> **WHAT YOU HAVE TO DO**:
Start at the line with "# Not quite" in the records below, stop at the line with "0.9245485942), (-5.7150699657, 1.8270126676))", and return every line in that span exactly, the two end lines included.

[Start of Attachment]

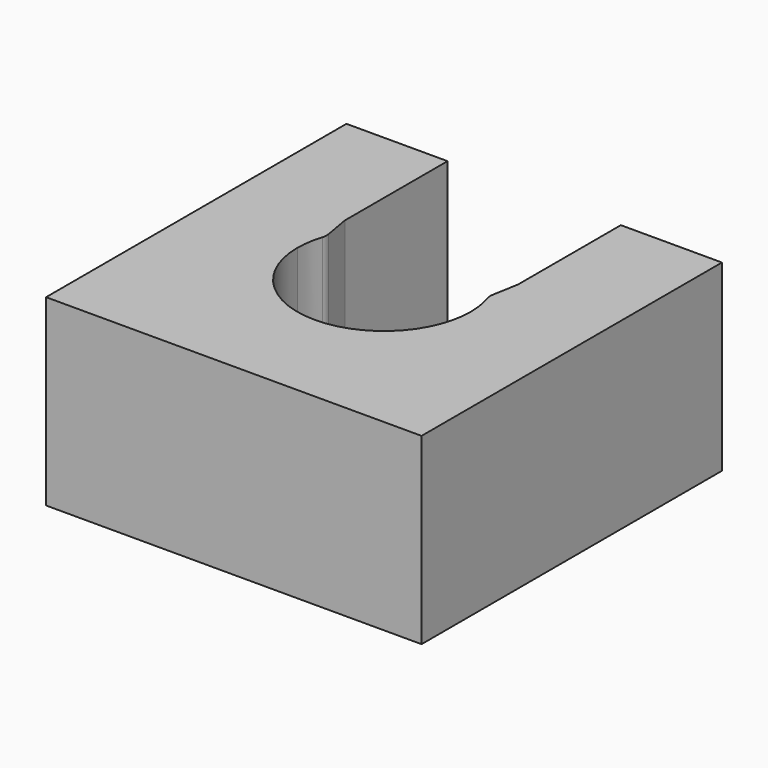
from build123d import *

# Parameters (mm, degrees)
F1_DEPTH = 12.7


# Not quite as in the source:
# - a length typed as a fraction of an inch, garbled in the dataset ("3 / 203.2 mm" for 3/8 in), is restored


with BuildPart() as f1:
    # F0 (on Top) → F1 (new body)
    with BuildSketch(Plane.XY):
        with BuildLine():
            Line((-6, 13), (-13, 13))
            Line((-13, 13), (-13, -13))
            Line((-13, -13), (13, -13))
            Line((13, -13), (13, 13))
            Line((13, 13), (6, 13))
            Line((6, 13), (6, 4.1042417199))
            Line((6, 4.1042417199), (5.6827738736, 2.3051629565))
            ThreePointArc((5.6827738736, 2.3051629565), (5.6698549343, 2.0641245171), (5.7150699657, 1.8270126676))
            ThreePointArc((5.7150699657, 1.8270126676), (5.9283395565, 0.9245485942), (6, 0))
            ThreePointArc((6, 0), (0, -6), (-6, 0))
            ThreePointArc((-6, 0), (-5.9283395565, 0.9245485942), (-5.7150699657, 1.8270126676))
            ThreePointArc((-5.7150699657, 1.8270126676), (-5.6698549343, 2.0641245171), (-5.6827738736, 2.3051629565))
            Line((-5.6827738736, 2.3051629565), (-6, 4.1042417199))
            Line((-6, 4.1042417199), (-6, 13))
        make_face()
    extrude(amount=F1_DEPTH)


solid = f1.part

[End of Attachment]

> **RESPONSE TO THIS TASK**:
# Not quite as in the source:
# - a length typed as a fraction of an inch, garbled in the dataset ("3 / 203.2 mm" for 3/8 in), is restored


with BuildPart() as f1:
    # F0 (on Top) → F1 (new body)
    with BuildSketch(Plane.XY):
        with BuildLine():
            Line((-6, 13), (-13, 13))
            Line((-13, 13), (-13, -13))
            Line((-13, -13), (13, -13))
            Line((13, -13), (13, 13))
            Line((13, 13), (6, 13))
            Line((6, 13), (6, 4.1042417199))
            Line((6, 4.1042417199), (5.6827738736, 2.3051629565))
            ThreePointArc((5.6827738736, 2.3051629565), (5.6698549343, 2.0641245171), (5.7150699657, 1.8270126676))
            ThreePointArc((5.7150699657, 1.8270126676), (5.9283395565, 0.9245485942), (6, 0))
            ThreePointArc((6, 0), (0, -6), (-6, 0))
            ThreePointArc((-6, 0), (-5.9283395565, 0.9245485942), (-5.7150699657, 1.8270126676))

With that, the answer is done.